The Georgia Supreme Court gave new life to a class action lawsuit challenging SunTrust Banks’ overdraft fees in a decision that also could chip away at companies’ efforts to block lawsuits with arbitration clauses.

In a unanimous decision siding with consumers rather than the Atlanta bank, the state's highest court overturned earlier decisions by the Georgia Court of Appeals and the Fulton County State Court. The case now goes back to the trial court for another look at whether it should be certified as a class action.

The decision could affect roughly 400,000 Georgians that the lawsuit alleges have been overcharged for small loans by the bank when they write checks or make debit card charges that exceed their account balance.

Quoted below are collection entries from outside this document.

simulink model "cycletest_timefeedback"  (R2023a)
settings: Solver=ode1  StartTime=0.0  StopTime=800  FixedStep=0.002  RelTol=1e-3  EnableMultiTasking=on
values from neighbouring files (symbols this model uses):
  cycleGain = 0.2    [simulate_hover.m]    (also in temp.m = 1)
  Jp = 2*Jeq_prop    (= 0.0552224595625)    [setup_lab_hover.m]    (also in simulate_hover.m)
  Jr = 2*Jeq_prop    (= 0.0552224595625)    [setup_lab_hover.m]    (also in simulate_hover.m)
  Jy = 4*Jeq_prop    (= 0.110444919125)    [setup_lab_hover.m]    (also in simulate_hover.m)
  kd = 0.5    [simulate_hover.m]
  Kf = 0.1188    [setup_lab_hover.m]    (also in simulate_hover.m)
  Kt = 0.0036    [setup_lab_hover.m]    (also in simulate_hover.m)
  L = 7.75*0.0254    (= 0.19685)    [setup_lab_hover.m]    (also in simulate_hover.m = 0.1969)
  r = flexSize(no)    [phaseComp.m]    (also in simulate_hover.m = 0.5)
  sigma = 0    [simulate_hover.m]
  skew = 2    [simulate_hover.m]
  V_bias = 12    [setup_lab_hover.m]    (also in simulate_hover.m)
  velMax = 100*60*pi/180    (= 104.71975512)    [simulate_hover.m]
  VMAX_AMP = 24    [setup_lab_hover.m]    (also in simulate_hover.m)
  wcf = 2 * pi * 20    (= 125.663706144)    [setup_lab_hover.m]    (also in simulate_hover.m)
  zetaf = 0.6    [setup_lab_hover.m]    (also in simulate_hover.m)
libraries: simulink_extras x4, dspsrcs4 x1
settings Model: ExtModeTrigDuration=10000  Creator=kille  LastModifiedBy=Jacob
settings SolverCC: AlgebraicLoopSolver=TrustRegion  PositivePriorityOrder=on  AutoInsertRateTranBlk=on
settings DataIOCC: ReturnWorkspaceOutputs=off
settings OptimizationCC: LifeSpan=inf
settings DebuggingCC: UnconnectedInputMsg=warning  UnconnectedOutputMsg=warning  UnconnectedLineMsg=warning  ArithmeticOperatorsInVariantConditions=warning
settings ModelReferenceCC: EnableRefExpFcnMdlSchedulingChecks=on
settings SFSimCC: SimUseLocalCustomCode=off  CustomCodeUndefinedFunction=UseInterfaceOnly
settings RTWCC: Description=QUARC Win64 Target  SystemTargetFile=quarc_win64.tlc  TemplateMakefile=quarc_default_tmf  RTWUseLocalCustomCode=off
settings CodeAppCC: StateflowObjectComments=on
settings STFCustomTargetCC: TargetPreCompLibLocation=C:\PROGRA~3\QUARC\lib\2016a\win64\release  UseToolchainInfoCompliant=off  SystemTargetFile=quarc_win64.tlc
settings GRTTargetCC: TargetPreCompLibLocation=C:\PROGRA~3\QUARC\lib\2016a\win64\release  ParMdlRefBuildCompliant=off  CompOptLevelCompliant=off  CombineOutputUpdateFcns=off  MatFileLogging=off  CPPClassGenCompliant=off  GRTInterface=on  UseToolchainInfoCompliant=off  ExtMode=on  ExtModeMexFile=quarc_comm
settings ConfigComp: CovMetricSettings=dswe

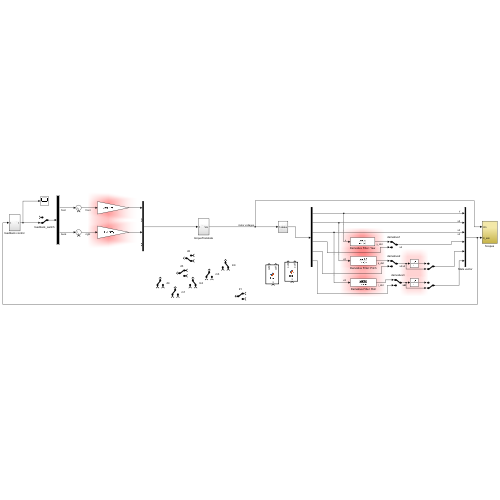
[thumbnail: Simulink's stored preview of the top-level diagram]
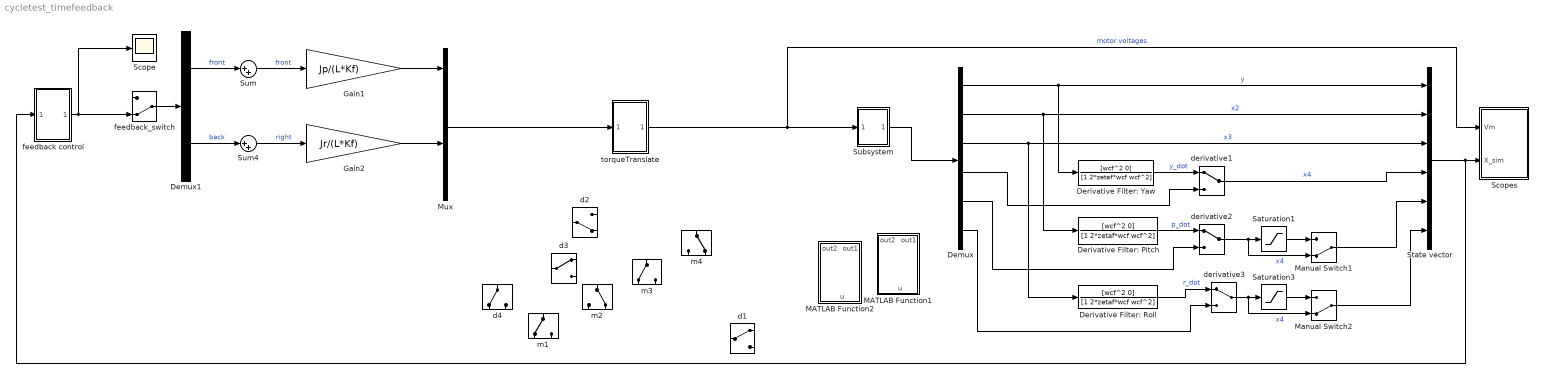
== system cycletest_timefeedback ==
  Demux : Demux  Outputs=6
  Demux1 : Demux  Outputs=2
  Derivative Filter: Pitch : TransferFcn  Numerator=[wcf^2 0]  Denominator=[1 2*zetaf*wcf wcf^2]
  Derivative Filter: Roll : TransferFcn  Numerator=[wcf^2 0]  Denominator=[1 2*zetaf*wcf wcf^2]
  Derivative Filter: Yaw : TransferFcn  Numerator=[wcf^2 0]  Denominator=[1 2*zetaf*wcf wcf^2]
  Gain1 : Gain  Gain=Jp/(L*Kf)
  Gain2 : Gain  Gain=Jr/(L*Kf)
  MATLAB Function1 : MATLAB Function  TreatAsAtomicUnit=on
  MATLAB Function2 : MATLAB Function  TreatAsAtomicUnit=on
  Manual Switch1 : ManualSwitch  CurrentSetting=0
  Manual Switch2 : ManualSwitch  CurrentSetting=0
  Mux : Mux
  Saturation1 : Saturate  UpperLimit=velMax  LowerLimit=-velMax
  Saturation3 : Saturate  UpperLimit=velMax  LowerLimit=-velMax
  Scope : Scope
  Scopes : Subsystem
  State vector : Mux  Inputs=6
  Subsystem : Subsystem
  Sum : Sum  Inputs=|++
  Sum4 : Sum  Inputs=|++
  d1 : ManualSwitch
  d2 : ManualSwitch  CurrentSetting=0
  d3 : ManualSwitch
  d4 : ManualSwitch
  derivative1 : ManualSwitch
  derivative2 : ManualSwitch
  derivative3 : ManualSwitch
  feedback control : Subsystem
  feedback_switch : ManualSwitch  CurrentSetting=0
  m1 : ManualSwitch
  m2 : ManualSwitch  CurrentSetting=0
  m3 : ManualSwitch
  m4 : ManualSwitch  CurrentSetting=0
  torqueTranslate : Subsystem
  wires:
  Demux/1 -> State vector/1, Derivative Filter: Yaw/1  "y"
  torqueTranslate/1(Vm) -> Scopes/1(Vm), Subsystem/1(Input)  "motor voltages"
  Sum4/1 -> Gain2/1  "right"
  Sum/1 -> Gain1/1  "front"
  Mux/1 -> torqueTranslate/1(In1)
  Derivative Filter: Yaw/1 -> derivative1/1  "y_dot"
  Demux/4 -> derivative1/2
  Derivative Filter: Pitch/1 -> derivative2/1  "p_dot"
  Derivative Filter: Roll/1 -> derivative3/1  "r_dot"
  Demux/5 -> derivative2/2
  Demux/6 -> derivative3/2
  derivative1/1 -> State vector/4  "x4"
  derivative2/1 -> Manual Switch1/2, Saturation1/1  "x4"
  Saturation1/1 -> Manual Switch1/1
  derivative3/1 -> Manual Switch2/2, Saturation3/1  "x4"
  Saturation3/1 -> Manual Switch2/1
  Manual Switch1/1 -> State vector/5
  Manual Switch2/1 -> State vector/6
  Demux/3 -> State vector/3, Derivative Filter: Roll/1  "x3"
  Demux/2 -> State vector/2, Derivative Filter: Pitch/1  "x2"
  feedback control/1(Out1) -> Scope/1, feedback_switch/2
  feedback_switch/1 -> Demux1/1
  State vector/1 -> feedback control/1(In1), Scopes/2(X_sim)
  Demux1/1 -> Sum/1  "front"
  Demux1/2 -> Sum4/1  "back"
  Subsystem/1(states) -> Demux/1
  Gain1/1 -> Mux/1
  Gain2/1 -> Mux/3

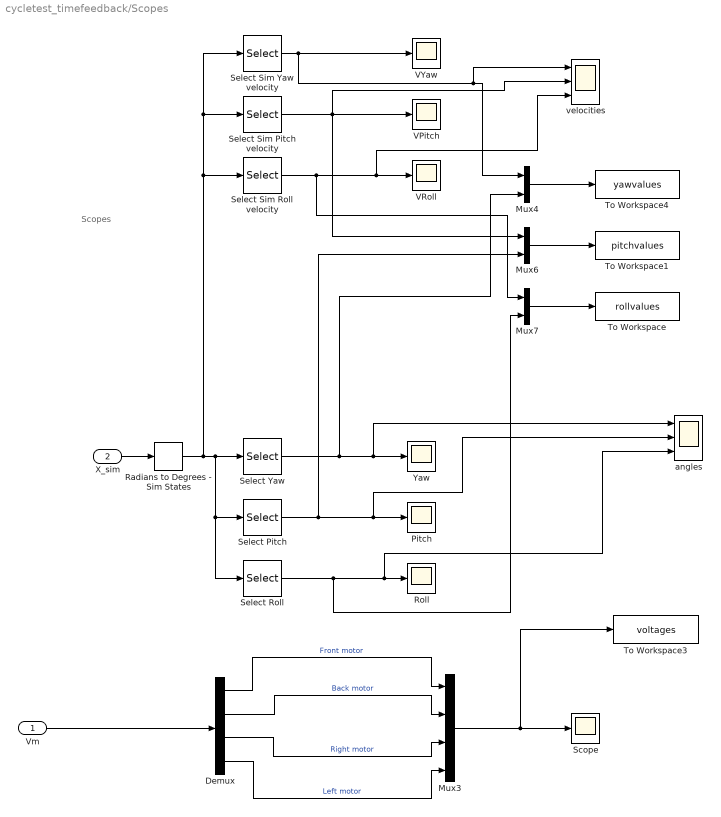
== system cycletest_timefeedback/Scopes ==
  note: Scopes
  Vm : Inport
  X_sim : Inport  Port=2
  Demux : Demux
  Mux3 : Mux
  Mux4 : Mux  Inputs=2
  Mux6 : Mux  Inputs=2
  Mux7 : Mux  Inputs=2
  Pitch : Scope
  Radians to Degrees - Sim States : simulink_extras/Transformations/Radians to Degrees
  Roll : Scope
  Scope : Scope
  Select Pitch : Selector  InputPortWidth=6  IndexOptions=Index vector (dialog)  Indices=2  OutputSizes=1
  Select Roll : Selector  InputPortWidth=6  IndexOptions=Index vector (dialog)  Indices=3  OutputSizes=1
  Select Sim Pitch velocity : Selector  InputPortWidth=6  IndexOptions=Index vector (dialog)  Indices=5  OutputSizes=1
  Select Sim Roll velocity : Selector  InputPortWidth=6  IndexOptions=Index vector (dialog)  Indices=6  OutputSizes=1
  Select Sim Yaw velocity : Selector  InputPortWidth=6  IndexOptions=Index vector (dialog)  Indices=4  OutputSizes=1
  Select Yaw : Selector  InputPortWidth=6  IndexOptions=Index vector (dialog)  Indices=1  OutputSizes=1
  To Workspace : ToWorkspace  VariableName=rollvalues  SampleTime=-1
  To Workspace1 : ToWorkspace  VariableName=pitchvalues  SampleTime=-1
  To Workspace3 : ToWorkspace  VariableName=voltages  SampleTime=-1
  To Workspace4 : ToWorkspace  VariableName=yawvalues  SampleTime=-1
  VPitch : Scope
  VRoll : Scope
  VYaw : Scope
  Yaw : Scope
  angles : Scope  NumInputPorts=3
  velocities : Scope  NumInputPorts=3
  wires:
  Select Roll/1 -> angles/3, Roll/1, Mux7/2
  Radians to Degrees - Sim States/1 -> Select Sim Roll velocity/1, Select Sim Pitch velocity/1, Select Sim Yaw velocity/1, Select Roll/1, Select Pitch/1, Select Yaw/1
  Select Pitch/1 -> angles/2, Pitch/1, Mux6/2
  X_sim/1 -> Radians to Degrees - Sim States/1
  Demux/1 -> Mux3/1  "Front motor"
  Demux/2 -> Mux3/2  "Back motor"
  Demux/3 -> Mux3/3  "Right motor"
  Demux/4 -> Mux3/4  "Left motor"
  Vm/1 -> Demux/1
  Select Sim Yaw velocity/1 -> VYaw/1, velocities/1, Mux4/1
  Select Sim Roll velocity/1 -> velocities/3, VRoll/1, Mux7/1
  Select Sim Pitch velocity/1 -> Mux6/1, velocities/2, VPitch/1
  Mux4/1 -> To Workspace4/1
  Mux6/1 -> To Workspace1/1
  Mux7/1 -> To Workspace/1
  Mux3/1 -> To Workspace3/1, Scope/1
  Select Yaw/1 -> angles/1, Yaw/1, Mux4/2

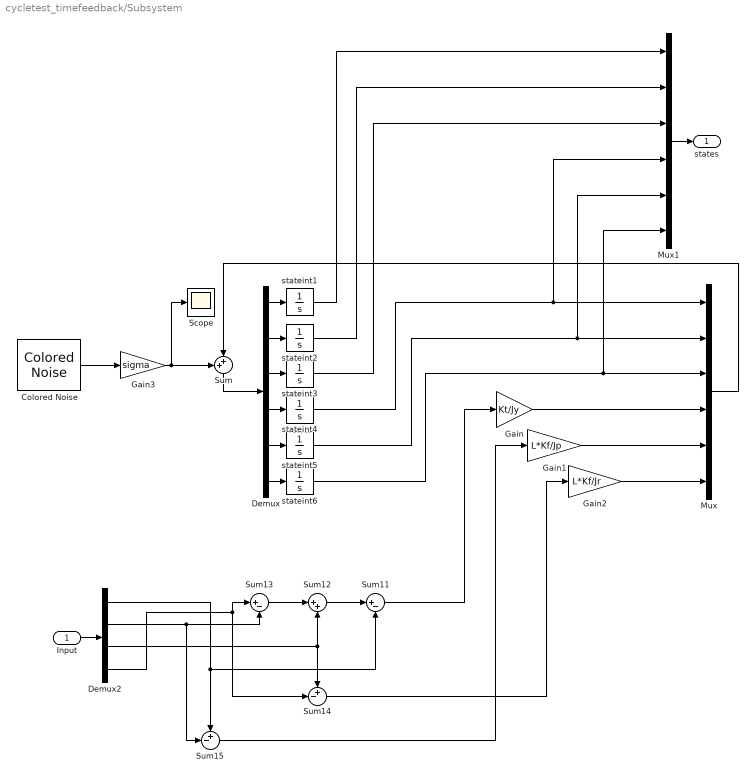
== system cycletest_timefeedback/Subsystem ==
  Input : Inport
  Colored Noise : dspsrcs4/Colored Noise  Color=white  InverseFrequencyPower=1  BoundedOutput=off  NumChannels=6  OutputDataType=double  SamplesPerFrame=1  SampleTime=1  RandomStream=mt19937ar with seed  Seed=67  SimulateUsing=Interpreted execution
  Demux : Demux  Outputs=6
  Demux2 : Demux
  Gain : Gain  Gain=Kt/Jy
  Gain1 : Gain  Gain=L*Kf/Jp
  Gain2 : Gain  Gain=L*Kf/Jr
  Gain3 : Gain  Gain=sigma
  Mux : Mux  Inputs=6
  Mux1 : Mux  Inputs=6
  Scope : Scope
  Sum : Sum  Inputs=++|
  Sum11 : Sum  Inputs=|+-
  Sum12 : Sum  Inputs=|++
  Sum13 : Sum  Inputs=|+-
  Sum14 : Sum  Inputs=+-|
  Sum15 : Sum  Inputs=+-|
  stateint{1,4..6} (4 alike) : Integrator
  stateint2 : Integrator  InitialCondition=0.00010472
  stateint3 : Integrator  InitialCondition=0.00010472
  states : Outport
  wires:
  stateint5/1 -> Mux/2, Mux1/5
  Gain2/1 -> Mux/6
  Gain1/1 -> Mux/5
  stateint6/1 -> Mux/3, Mux1/6
  stateint4/1 -> Mux/1, Mux1/4
  Gain/1 -> Mux/4
  Mux/1 -> Sum/2
  Gain3/1 -> Scope/1, Sum/1
  Demux2/4 -> Sum13/1, Sum14/2
  Demux2/1 -> Sum15/1, Sum11/2
  Demux2/2 -> Sum13/2, Sum15/2
  Sum12/1 -> Sum11/1
  Sum11/1 -> Gain/1
  Demux2/3 -> Sum12/2, Sum14/1
  Sum13/1 -> Sum12/1
  Input/1 -> Demux2/1
  Sum/1 -> Demux/1
  Demux/1 -> stateint1/1
  Demux/2 -> stateint2/1
  Demux/3 -> stateint3/1
  Demux/4 -> stateint4/1
  Demux/5 -> stateint5/1
  Demux/6 -> stateint6/1
  Mux1/1 -> states/1
  stateint1/1 -> Mux1/1
  stateint2/1 -> Mux1/2
  stateint3/1 -> Mux1/3
  Sum15/1 -> Gain1/1
  Sum14/1 -> Gain2/1
  Colored Noise/1 -> Gain3/1

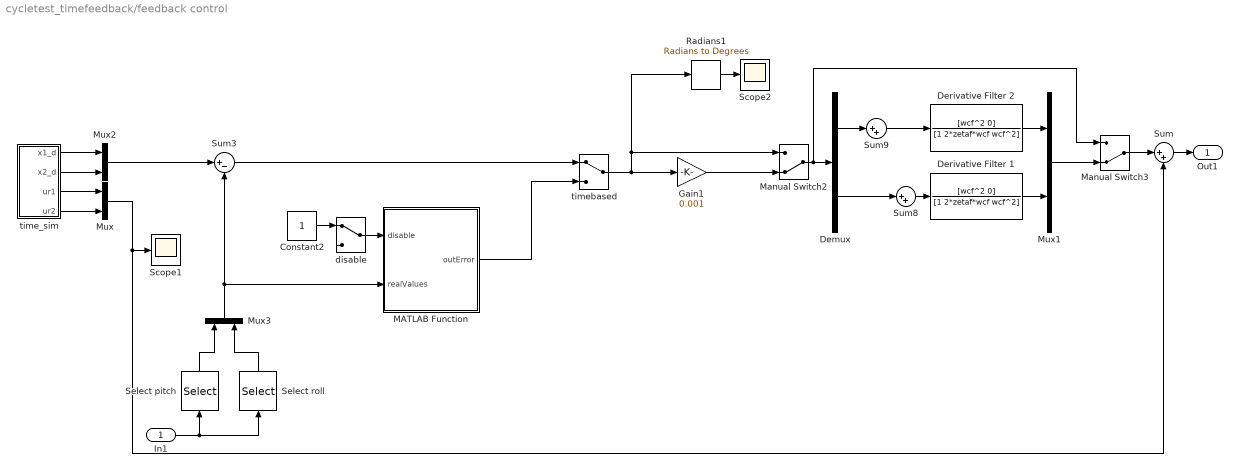
== system cycletest_timefeedback/feedback control ==
  In1 : Inport
  Constant2 : Constant
  Demux : Demux  Outputs=2
  Derivative Filter 1 : TransferFcn  Numerator=[wcf^2 0]  Denominator=[1 2*zetaf*wcf wcf^2]
  Derivative Filter 2 : TransferFcn  Numerator=[wcf^2 0]  Denominator=[1 2*zetaf*wcf wcf^2]
  Gain1 : Gain  Gain=0.001
  MATLAB Function : MATLAB Function  TreatAsAtomicUnit=on
  Manual Switch2 : ManualSwitch  CurrentSetting=0
  Manual Switch3 : ManualSwitch  CurrentSetting=0
  Mux{,1..3} (4 alike) : Mux  Inputs=2
  Radians1 : simulink_extras/Transformations/Radians to Degrees
  Scope1 : Scope
  Scope2 : Scope
  Select pitch : Selector  InputPortWidth=6  IndexOptions=Index vector (dialog)  Indices=2  OutputSizes=1
  Select roll : Selector  InputPortWidth=6  IndexOptions=Index vector (dialog)  Indices=3  OutputSizes=1
  Sum : Sum  Inputs=|++
  Sum3 : Sum  Inputs=|+-
  Sum8 : Sum  Inputs=|++
  Sum9 : Sum  Inputs=|++
  disable : ManualSwitch
  time_sim : Subsystem
  timebased : ManualSwitch
  Out1 : Outport
  wires:
  time_sim/1(x1_d) -> Mux2/1
  time_sim/2(x2_d) -> Mux2/2
  time_sim/4(ur2) -> Mux/2
  time_sim/3(ur1) -> Mux/1
  Sum9/1 -> Derivative Filter 2/1
  Select pitch/1 -> Mux3/1
  Select roll/1 -> Mux3/2
  Sum/1 -> Out1/1
  Sum3/1 -> timebased/1
  Gain1/1 -> Manual Switch2/2
  Mux1/1 -> Manual Switch3/2
  Derivative Filter 2/1 -> Mux1/1
  MATLAB Function/1(outError) -> timebased/2
  Derivative Filter 1/1 -> Mux1/2
  Demux/1 -> Sum9/1
  Mux3/1 -> MATLAB Function/2(realValues), Sum3/2
  Radians1/1 -> Scope2/1
  Manual Switch2/1 -> Manual Switch3/1, Demux/1
  Sum8/1 -> Derivative Filter 1/1
  disable/1 -> MATLAB Function/1(disable)
  In1/1 -> Select roll/1, Select pitch/1
  Mux2/1 -> Sum3/1
  Mux/1 -> Sum/2, Scope1/1
  Constant2/1 -> disable/1
  Demux/2 -> Sum8/1
  Manual Switch3/1 -> Sum/1
  timebased/1 -> Manual Switch2/1, Radians1/1, Gain1/1

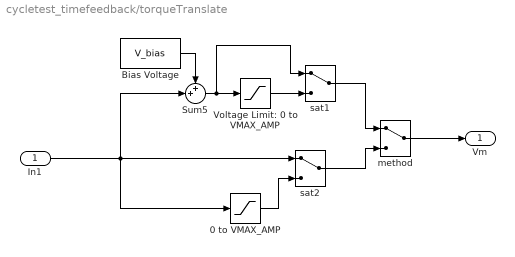
== system cycletest_timefeedback/torqueTranslate ==
  In1 : Inport
  0 to VMAX_AMP : Saturate  UpperLimit=VMAX_AMP  LowerLimit=0
  Bias Voltage : Constant  Value=V_bias
  Sum5 : Sum  Inputs=++|
  Voltage Limit: 0 to VMAX_AMP : Saturate  UpperLimit=VMAX_AMP  LowerLimit=0
  method : ManualSwitch  Tag=swt
  sat1 : ManualSwitch
  sat2 : ManualSwitch
  Vm : Outport
  wires:
  Sum5/1 -> sat1/1, Voltage Limit: 0 to VMAX_AMP/1
  Bias Voltage/1 -> Sum5/1
  Voltage Limit: 0 to VMAX_AMP/1 -> sat1/2
  0 to VMAX_AMP/1 -> sat2/2
  sat1/1 -> method/1
  method/1 -> Vm/1
  sat2/1 -> method/2
  In1/1 -> 0 to VMAX_AMP/1, sat2/1, Sum5/2

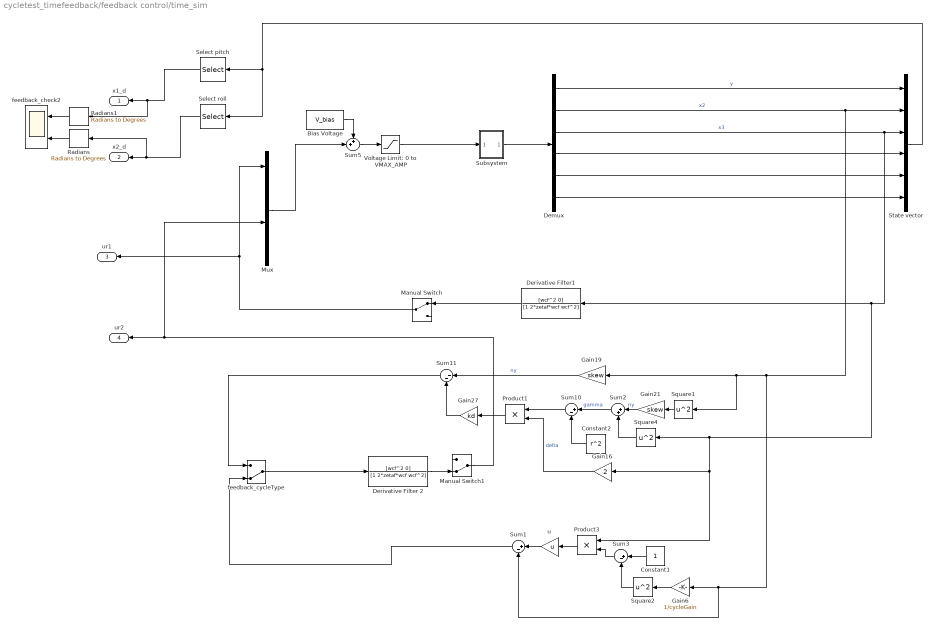
== system cycletest_timefeedback/feedback control/time_sim ==
  Bias Voltage : Constant  Value=V_bias
  Constant1 : Constant
  Constant2 : Constant  Value=r^2
  Demux : Demux  Outputs=6
  Derivative Filter 2 : TransferFcn  Numerator=[wcf^2 0]  Denominator=[1 2*zetaf*wcf wcf^2]
  Derivative Filter1 : TransferFcn  Numerator=[wcf^2 0]  Denominator=[1 2*zetaf*wcf wcf^2]
  Gain16 : Gain  Gain=2
  Gain19 : Gain  Gain=skew
  Gain21 : Gain  Gain=skew
  Gain27 : Gain  Gain=kd
  Gain6 : Gain  Gain=1/cycleGain
  Manual Switch : ManualSwitch
  Manual Switch1 : ManualSwitch  CurrentSetting=0
  Mux : Mux
  Product1 : Product
  Product3 : Product
  Radians : simulink_extras/Transformations/Radians to Degrees
  Radians1 : simulink_extras/Transformations/Radians to Degrees
  Select pitch : Selector  InputPortWidth=6  IndexOptions=Index vector (dialog)  Indices=2  OutputSizes=1
  Select roll : Selector  InputPortWidth=6  IndexOptions=Index vector (dialog)  Indices=3  OutputSizes=1
  Square1 : Math  Operator=square
  Square2 : Math  Operator=square
  Square4 : Math  Operator=square
  State vector : Mux  Inputs=6
  Subsystem : Subsystem
  Sum1 : Sum  Inputs=|+-
  Sum10 : Sum  Inputs=|+-
  Sum11 : Sum  Inputs=|--
  Sum2 : Sum  Inputs=|++
  Sum3 : Sum  Inputs=|+-
  Sum5 : Sum  Inputs=++|
  Voltage Limit: 0 to VMAX_AMP : Saturate  UpperLimit=VMAX_AMP  LowerLimit=0
  feedback_check2 : Scope  NumInputPorts=2
  feedback_cycleType : ManualSwitch  CurrentSetting=0
  u : Gain  Gain=u
  x1_d : Outport
  x2_d : Outport  Port=2
  ur1 : Outport  Port=3
  ur2 : Outport  Port=4
  wires:
  Radians1/1 -> feedback_check2/1
  Radians/1 -> feedback_check2/2
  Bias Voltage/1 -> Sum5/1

SunTrust customer Jeff Bickerstaff Jr., of Columbus, had sued the bank in 2010, claiming that a $36 overdraft fee it had charged him was exorbitant and violated Georgia’s usury law against excessive interest rates on loans.

The lawsuit claims that the fees amount to interest rates of up to 1,000 percent for small overdraft loans.

A SunTrust spokesman declined to comment on the lawsuit.

According to the bank’s web site, it continues to charge $36 for each overdraft due to a check or automatic bill pay, for up to six overdrafts per day. The bank does not charge overdraft fees on debit card or ATM transactions, instead blocking those transactions from taking place if they result in an overdraft.

Bickerstaff’s mother stepped in as her son’s representative and executor of his estate after he died last year.

SunTrust’s lawyers tried to have the lawsuit thrown out in the lower court, arguing that he had failed when he had a chance in 2010 to opt out of a clause requiring disputes to be decided by an arbitrator rather than in court.

But the trial judge ruled that lawsuit, filed before the opt-out window expired in 2010, was in effect a decision to reject the arbitration requirement.

However, after Bickerstaff sought in 2013 to get the lawsuit certified as a class action, both the trial and appeals courts denied his motion. They agreed with SunTrust’s argument that the broader action wasn’t possible because he couldn’t opt out on behalf of other customers, and they were still bound by the arbitration clause.

That’s where the Supreme Court, in its decision issued late last week, disagreed.

Citing two of its own decisions involving lawsuits against Countrywide Home Loans in 2010 and the City of Atlanta in 2006, the Supreme Court said someone can represent a large group of potential plaintiffs until a lawsuit is ruled a class action.

Moreover, the court decided, Bickerstaff’s lawsuit in effect suspended SunTrust’s opt out deadline from being used as a way to block people from joining the lawsuit if it is ruled a class action.

“A class member’s decision to remain in the class after class certification and notification is what will serve as his or her own election to reject the arbitration clause,” said Justice Robert Benham in the court’s opinion.